ExaWatcher is supposed to have Slabinfo output inside it, but alas, it was disabled for our version (apparently running slabinfo frequently could also contribute to memory fragmentation issues). We scheduled slabinfo to collect information very 15 minutes: enough to get us some insights, and less frequently than ExaWatcher would run it, thus limiting any potential impact. That frequency turned out to be sufficient for us.
========================================================================================
05.10.2020 12:03:01 loncbsob0101 :: Dumping slabinfo
========================================================================================
slabinfo - version: 2.1
# name <active_objs> <num_objs> <objsize> <objperslab> <pagesperslab> : tunables <limit> <batchcount> <sharedfactor> : slabdata <active_slabs> <num_slabs> <sharedavail>
...
ext4_inode_cache 777130 777200 1120 29 8 : tunables 0 0 0 : slabdata 26800 26800 0
...
========================================================================================
05.10.2020 12:18:01 loncbsob0101 :: Dumping slabinfo
========================================================================================
slabinfo - version: 2.1
# name <active_objs> <num_objs> <objsize> <objperslab> <pagesperslab> : tunables <limit> <batchcount> <sharedfactor> : slabdata <active_slabs> <num_slabs> <sharedavail>
...
ext4_inode_cache 1866841 1867455 1120 29 8 : tunables 0 0 0 : slabdata 64395 64395 0
...
Slabinfo can contain a lot of output, but with an awk + sort one-liner it’s quite straightforward to find the specific cache responsible for most of the growth, and it turned out to be ext4 inode cache. E.g. in the example above you can see it go up from 0.77M to 1.87M objects, with a single object occurying 1120 bytes.
So it looks like something was looking up 1M+ files on an ext4 file system, which surely sounds like a lot. Then I used df -i command to count used inodes on the server’s filesystems, and before too long I found that data/oracle/XXXXX/admin/ had a million entries (with XXXXX being the database name essentially).
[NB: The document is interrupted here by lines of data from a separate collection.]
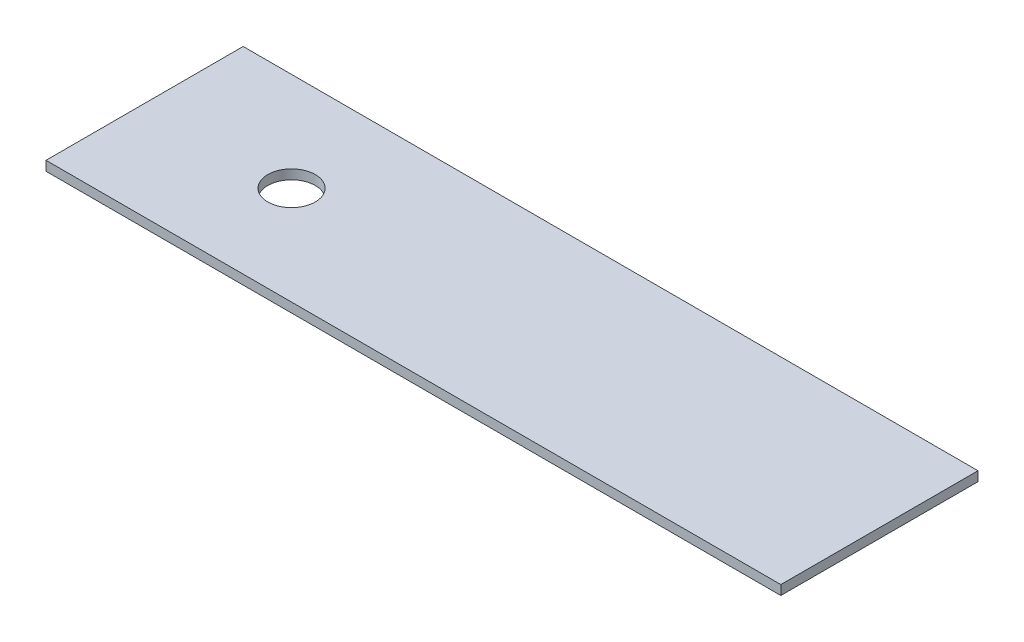
from build123d import *

# Parameters (mm, degrees)
SKETCH1_W           = 464
SKETCH1_H           = 124.5
SKETCH1_R           = 15
BOSS_EXTRUDE1_DEPTH = 6


with BuildPart() as part:
    # Sketch1 → Boss-Extrude1 (new body)
    with BuildSketch(Plane(origin=(0, 0, 0), x_dir=(1, 0, 0), z_dir=(0, 1, 0))):
        Rectangle(SKETCH1_W, SKETCH1_H)
        with Locations((-139.2, 0)):
            Circle(SKETCH1_R, mode=Mode.SUBTRACT)
    extrude(amount=BOSS_EXTRUDE1_DEPTH)


solid = part.part

I then used find -type f to count actual files recursively and found the specific directory where most of the files were, /data/oracle/XXXXX/admin/diag/rdbms/xxxxx/xxxxx/trace/, most of them in cdmp_xxxxxx subdirectories.
The situation was a result of a combination of factors — some bugs like 29900824 leading to excessive trace file generation, some other trace being generated as expected, but still not carrying useful information (Doc ID 2005854.1), and housekeeping not picking up trace files in subdirectories. The first problem was resolved with a patch. For the second one, the MOS note offered a workaround, using event 10741 to disable the trace generation. And with a few tweaks, the housekeeping started to pick up files in subdirectories. After all of this was done, memory fragmentation finally stopped and higher order chunks remained stable for days.